Bryan will tell you.

+ When should I hedge?

Timing is a key component of a proper hedge and affects both when the hedge should be bought and when it should be sold. The cost of protection is much lower when a hedge position is acquired when the relevant options (e.g. S&P 500 Futures) are at a low price. It is not advisable to wait until a market event is imminent to acquire a hedge position due to the difficulty of predicting market swings.

It is equally important to know when to sell a hedge position, this pivotal period can be navigated by our experienced management team in conjunction with the wishes of the client.

+ What does it cost to hedge?

While there is a management fee and, in the case of a significant event, a performance fee, the most important cost aspect of a hedge is the 'burn rate' of the product. This refers to any loss in value when options are rolled over at the end of their contract period.

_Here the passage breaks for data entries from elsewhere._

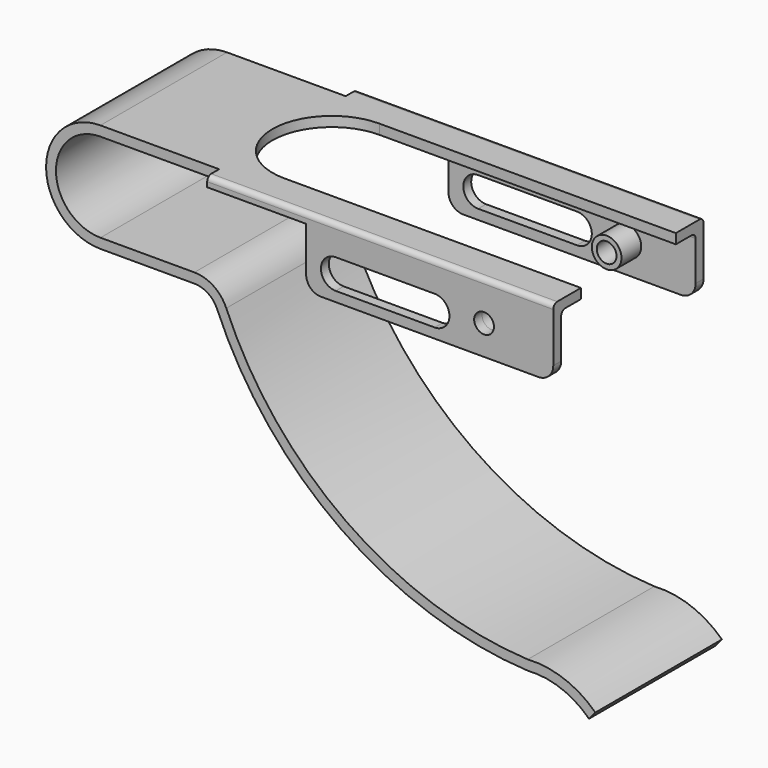
from build123d import *

# Parameters (mm, degrees)
F1_DEPTH  = 16
F2_W      = 70
F2_H      = 3
F3_DEPTH  = 2
F4_W      = 50
F4_H      = 12
F5_DEPTH  = 2
F6_R      = 1
F9_DEPTH  = 2
F11_DEPTH = 38.001
F13_D     = 4
F14_R     = 3
F14_R_2   = 2
F15_DEPTH = 5
F16_R     = 3


# Not quite as in the source:
# - a pattern or mirror of a feature is missing from the dataset's text; its kind, count and spacing are read off the source's solid


with BuildPart() as f1:
    # F0 (on Front) → F1 (new body)
    with BuildSketch(Plane.XZ):
        with BuildLine():
            Line((94, 11), (0, 11))
            ThreePointArc((0, 11), (-11, 0), (0, -11))
            Line((0, -11), (19, -11))
            ThreePointArc((19, -11), (21.7648271935, -11.8339790459), (23.607331209, -14.0577077639))
            ThreePointArc((23.607331209, -14.0577077639), (48.6917034204, -45.0930519948), (86.4506679072, -58.0034711071))
            ThreePointArc((86.4506679072, -58.0034711071), (93.1291053538, -58.9355091014), (98.8304523125, -62.5361846502))
            Line((98.8304523125, -62.5361846502), (100.1194642859, -61))
            ThreePointArc((100.1194642859, -61), (93.803453137, -57.0525770858), (86.4301074938, -56))
            ThreePointArc((86.4301074938, -56), (49.7895156694, -43.4202136678), (25.4502636926, -13.2807908695))
            ThreePointArc((25.4502636926, -13.2807908695), (22.8707580709, -10.1675706642), (19, -9))
            Line((19, -9), (0, -9))
            ThreePointArc((0, -9), (-9, 0), (0, 9))
            Line((0, 9), (94, 9))
            Line((94, 9), (94, 11))
        make_face()
    extrude(amount=F1_DEPTH)

    # F2 (on face) → F3 (join)
    with BuildSketch(Plane.XY.offset(11)):
        with Locations((59, -17.5)):
            Rectangle(F2_W, F2_H)
    extrude(amount=-F3_DEPTH)

    # F4 (on face) → F5 (join)
    with BuildSketch(Plane.XZ.offset(19)):
        with Locations((69, 3)):
            Rectangle(F4_W, F4_H)
    extrude(amount=-F5_DEPTH)

    # F6
    f6_edges = [f1.edges().sort_by_distance(p)[0] for p in [
        (59, -19, 11),
        (69, -17, 9),
    ]]
    fillet(f6_edges, radius=F6_R)

    # F7: F1 across plane


with BuildPart() as f1_1:
    add(f1.part)
    add(f1.part.mirror(Plane.XZ))

    # F8 (on face) → F9 (cut)
    with BuildSketch(Plane.XY.offset(11)):
        with BuildLine():
            Line((94, 12), (34, 12))
            ThreePointArc((34, 12), (22, 0), (34, -12))
            Line((34, -12), (94, -12))
            Line((94, -12), (94, 12))
        make_face()
    extrude(amount=-F9_DEPTH, mode=Mode.SUBTRACT)

    # F10 (on face) → F11 (cut, through all)
    with BuildSketch(Plane.XZ.offset(19)):
        with BuildLine():
            ThreePointArc((50, 5), (47, 2), (50, -1))
            Line((50, -1), (70, -1))
            ThreePointArc((70, -1), (73, 2), (70, 5))
            Line((70, 5), (50, 5))
        make_face()
    extrude(amount=-F11_DEPTH, mode=Mode.SUBTRACT)

    # F13 (through all)
    with Locations(Plane.XZ.offset(19)):
        with Locations((80, 3)):
            Hole(F13_D / 2)

    # F14 (on face) → F15 (join)
    with BuildSketch(Plane(origin=(0, -17, 0), x_dir=(-1, 0, 0), z_dir=(0, 1, 0))):
        with Locations((-80, 3)):
            Circle(F14_R)
        with Locations((-80, 3)):
            Circle(F14_R_2, mode=Mode.SUBTRACT)
    f15 = extrude(amount=F15_DEPTH)

    # F15_copies: F15 across plane
    add(f15.mirror(Plane.ZX))

    # F16
    f16_edges = [f1_1.edges().sort_by_distance(p)[0] for p in [
        (94, 18, -3),
        (44, 18, -3),
        (44, -18, -3),
        (94, -18, -3),
    ]]
    fillet(f16_edges, radius=F16_R)


solid = f1_1.part
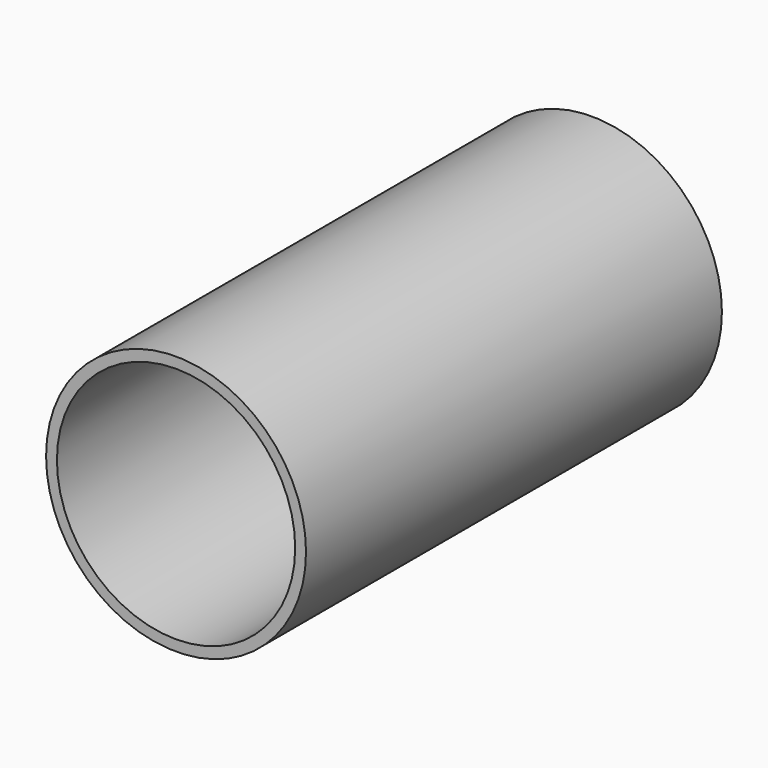
from build123d import *

# Parameters (mm, degrees)
F1_R     = 76.2
F2_DEPTH = 304.8
F3_T     = -6.35


# Not quite as in the source:
# - a variable given as a bare number and used for a length is read in inches; the dataset says mm whatever the document's units were


with BuildPart() as f2:
    # F1 (on Front) → F2 (new body)
    with BuildSketch(Plane.XZ):
        Circle(F1_R)
    extrude(amount=-F2_DEPTH)

    # F3
    f3_openings = [f2.faces().sort_by_distance(p)[0] for p in [
        (0, 0, 0),
        (0, 304.8, 0),
    ]]
    offset(amount=F3_T, openings=f3_openings)


solid = f2.part
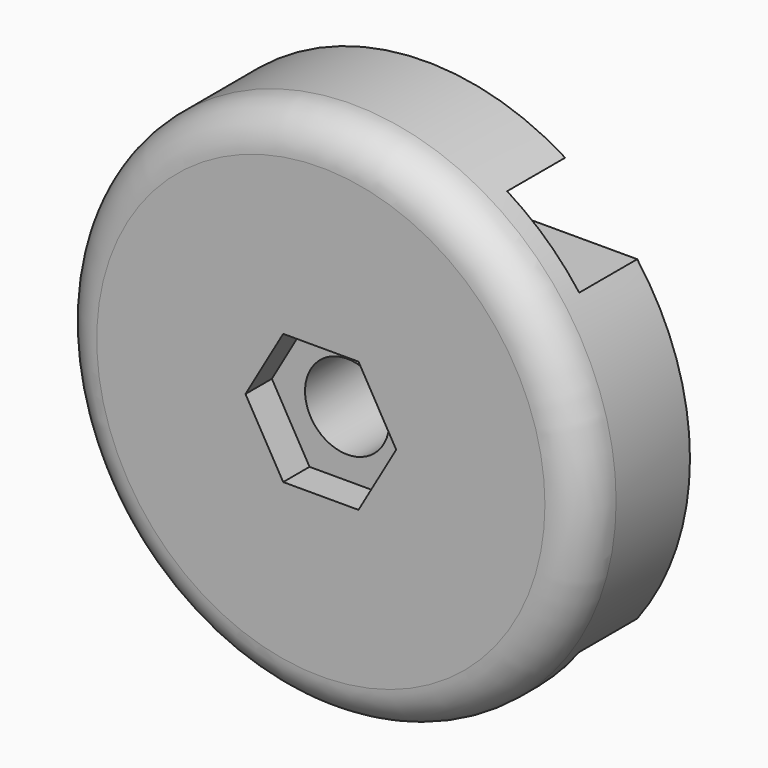
from build123d import *

# Parameters (mm, degrees)
F0_R          = 40
F1_DEPTH      = 20
F2_W          = 11
F2_H          = 10
F3_DEPTH      = 50
F3_DEPTH_BACK = 10
F4_R          = 6
F6_DEPTH      = 5
F7_R          = 6.4
F8_DEPTH      = 25
F9_R          = 1.5
F10_DEPTH     = 16
F11_R         = 3
F12_DEPTH     = 6


# Not quite as in the source:
# - a pattern or mirror of a feature is missing from the dataset's text; its kind, count and spacing are read off the source's solid


with BuildPart() as f1:
    # F0 (on Front) → F1 (new body)
    with BuildSketch(Plane.XZ):
        Circle(F0_R)
    extrude(amount=F1_DEPTH)

    # F2 (on Right) → F3 (cut, two sides)
    with BuildSketch(Plane.YZ) as f3_sk:
        with Locations((-5.5, 29)):
            Rectangle(F2_W, F2_H)
    f3 = extrude(amount=F3_DEPTH, mode=Mode.SUBTRACT) + extrude(f3_sk.sketch, amount=-F3_DEPTH_BACK, mode=Mode.SUBTRACT)

    # F3_copies: F3 across plane
    add(f3.mirror(Plane(origin=(0, 0, 0), x_dir=(-1, 0, 0), z_dir=(0, 0, -1))), mode=Mode.SUBTRACT)

    # F4
    f4_edges = [f1.edges().sort_by_distance(p)[0] for p in [
        (-40, -20, 0),
    ]]
    fillet(f4_edges, radius=F4_R)

    # F5 (on face) → F6 (cut)
    with BuildSketch(Plane.XZ.offset(20)):
        Polygon((-5.715767665, -9.9), (5.715767665, -9.9), (11.43153533, 0), (5.715767665, 9.9), (-5.715767665, 9.9), (-11.43153533, 0), align=None)
    extrude(amount=-F6_DEPTH, mode=Mode.SUBTRACT)

    # F7 (on face) → F8 (cut)
    with BuildSketch(Plane.XZ.offset(15)):
        Circle(F7_R)
    extrude(amount=-F8_DEPTH, mode=Mode.SUBTRACT)

    # F9 (on Front) → F10 (cut)
    with BuildSketch(Plane.XZ):
        with Locations((26, 12)):
            Circle(F9_R)
        with Locations((-26, 12)):
            Circle(F9_R)
        with Locations((-26, -12)):
            Circle(F9_R)
        with Locations((26, -12)):
            Circle(F9_R)
    extrude(amount=F10_DEPTH, mode=Mode.SUBTRACT)

    # F11 (on face) → F12 (cut)
    with BuildSketch(Plane(origin=(0, 0, 0), x_dir=(-1, 0, 0), z_dir=(0, 1, 0))):
        with Locations((-26, 12)):
            Circle(F11_R)
        with Locations((26, 12)):
            Circle(F11_R)
        with Locations((26, -12)):
            Circle(F11_R)
        with Locations((-26, -12)):
            Circle(F11_R)
    extrude(amount=-F12_DEPTH, mode=Mode.SUBTRACT)


solid = f1.part

For example, during the period from August 2015 to August 2018, $1 worth of protection in VXX would have decayed to $0.07 in comparison to $0.47 for $1 in the Arc VOL strategy.

+ What are the advantages of a professionally managed hedge?

In addition to the cost savings from active management, in the event of a major market correction, trading over the counter (OTC) products such as options has added complexity due to counterparty risk. An experienced professional who is able to keep a calm head and is familiar with the unique environment of an unstable market can lead to preferential outcomes.